Developers can reconfigure DNA streams while data is streaming. For example, a stream may start by tracking the Uniswap V3 factory and adding filters for every Uniswap Pair deployed.

Projects strive to make their applications feel as responsive as possible since that leads to better user experience and user retention. DNA enables developers to use pending data to build negative latency indexers. The DNA stream starts sending pending data after the stream has reached the tip of the chain. From the client's point of view, each pending-accepted block pair is equivalent to a mini-chain reorganization.

The definition of the DNA protocol is open-ended; we want developers to experiment with new ways to enrich on-chain data. For example, it's possible to add a mechanism to automatically decode transaction events based on the contract ABI provided by the client. DNA streams can integrate further with nodes and provide the ability to perform streaming calls; the stream contains changes in the return value of an EVM call specified by the client.

DNA in practice#

Now that we have looked at the DNA design let's look at the implementation of the DNA protocol by Apibara.

We use gRPC as the underlying RPC protocol because it balances efficiency and a complete developer ecosystem well. The protocol defines a simple Stream service the client uses to initiate streaming data. The stream starts as soon as the client sends an initial configuration. Since the server-to-client communication is async, we introduce stream ids. Stream ids solve the issue when the client sends a new configuration to the server, but the server has already queued several messages using the old configuration. Clients can detect a message's configuration by inspecting the stream id property attached to every message. In the real world, connections are often unstable, and streams can hang indefinitely without receiving new messages or disconnecting. The DNA protocol includes heartbeat messages sent from the server to the client every 30 seconds to confirm that the stream is still connected and working. Clients detect a broken connection if they don't receive any new message for at least the heartbeat interval. A more detailed overview of the DNA gRPC protocol is available in our documentation.

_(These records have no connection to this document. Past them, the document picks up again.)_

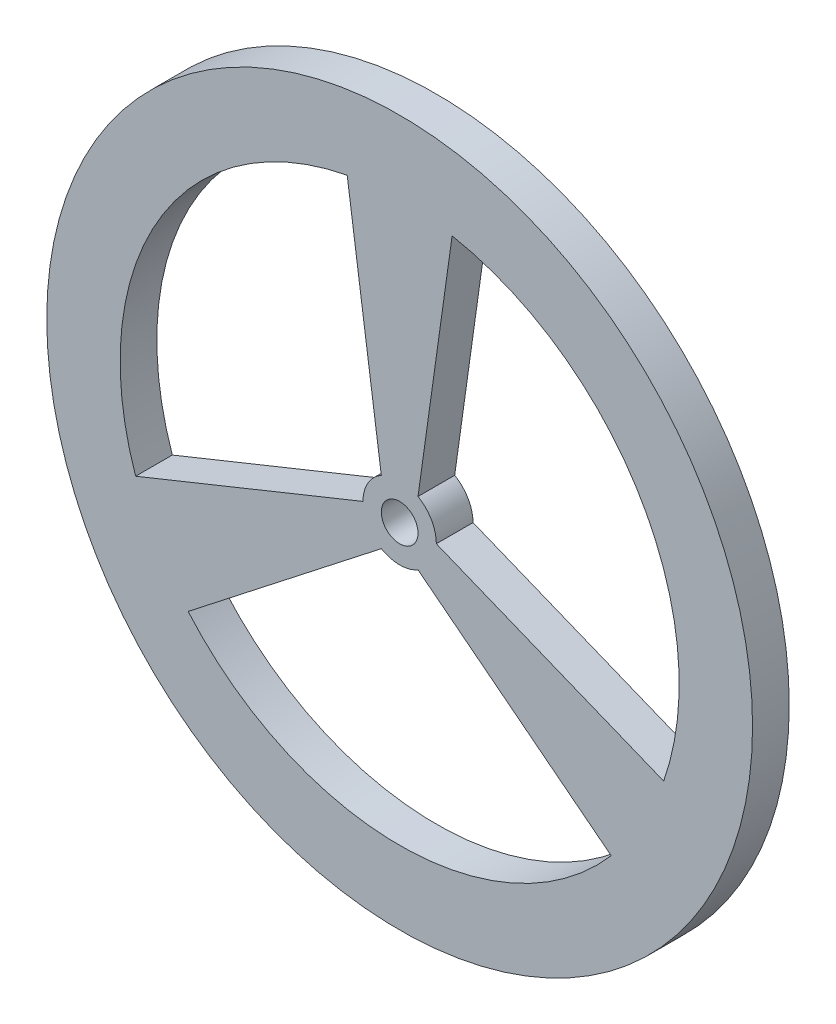
SolidWorks part; units mm, degrees
ref_plane "Front Plane" through (0, 0, 0) normal (0, 0, 1) x (1, 0, 0)
ref_plane "Top Plane" through (0, 0, 0) normal (0, 1, 0) x (1, 0, 0)
ref_plane "Right Plane" through (0, 0, 0) normal (1, 0, 0) x (0, 0, -1)
sketch "Sketch1" plane through (0, 0, 0) normal (0, 0, 1) x (1, 0, 0)
  line L0 (-2.5, 4.3301) -> (-7.1509, 37.4229)
  line L1 (2.5, 4.3301) -> (7.1509, 37.4229)
  line L2 (0, 85.6753) -> (0, 40.2735) construction
  line L3 (5, 0) -> (35.9846, -12.5186)
  line L4 (2.5, -4.3301) -> (28.8338, -24.9043)
  line L5 (-2.5, -4.3301) -> (-28.8338, -24.9043)
  line L6 (-5, 0) -> (-35.9846, -12.5186)
  circle A0 centre (0, 0) radius 48.1
  circle A1 centre (0, 0) radius 38.1
  circle A2 centre (0, 0) radius 5
  circle A3 centre (0, 0) radius 5
  circle A4 centre (0, 0) radius 5
  circle A5 centre (0, 0) radius 2.5
  point P23 (0, 0)
  dimension "D4" = 76.2
  dimension "D5" = 10
  dimension "D6" = 5
  dimension "D7" = 10
  dimension "D1" = 8
  dimension "D2" = 2.5
  dimension "D3" = 3
extrude "Boss-Extrude1" add sketch "Sketch1" along normal blind 5 contours A1 L2 A2 L1 | L2 A1 L0 A4 | L2 A0 A1 | A2 L4 A1 L3 | A2 L6 A1 L5 | A0 L2 A1 | A2 L2 A5 A4 | L2 A4 A2 A5 region at (0, 23.95, 0) region at (0, 4.8586, 0) region at (-20.7413, -11.975, 0) region at (20.7413, -11.975, 0) region at (-33.0498, -33.0498, 0)
ref_axis "Axis1" through (0, 0, 5) along (0, 0, -1)

The EVM DNA implementation uses Erigon as the base execution client. We decided to base our design on Erigon for two main reasons:

  • Low disk footprint thanks to their well-designed database. Running an Erigon archive node is drastically cheaper than other nodes.
  • The remote KV API allows access to the data without changing the node code.

The Erigon DNA server is a stateless and lightweight server that runs alongside Erigon. The server translates the high-level streaming protocol into lower-level calls to the KV store.

The final component of DNA is a collection of SDKs and tools to integrate on-chain data into applications and developer tools. We want developers to keep using the tools they already know and love, so we built DNA thinking about integrations from day 1. For example, a program can stream data into a database (PostgreSQL, Google Big Query, or Snowflake) and keep it updated.


This page presented the main ideas behind the Direct Node Access protocol. We started by looking at how teams implement indexers in practice and analyzing the downsides of each approach. We then showed how DNA solves these issues in practice and enables developers to build high-performance indexers that are easy to maintain.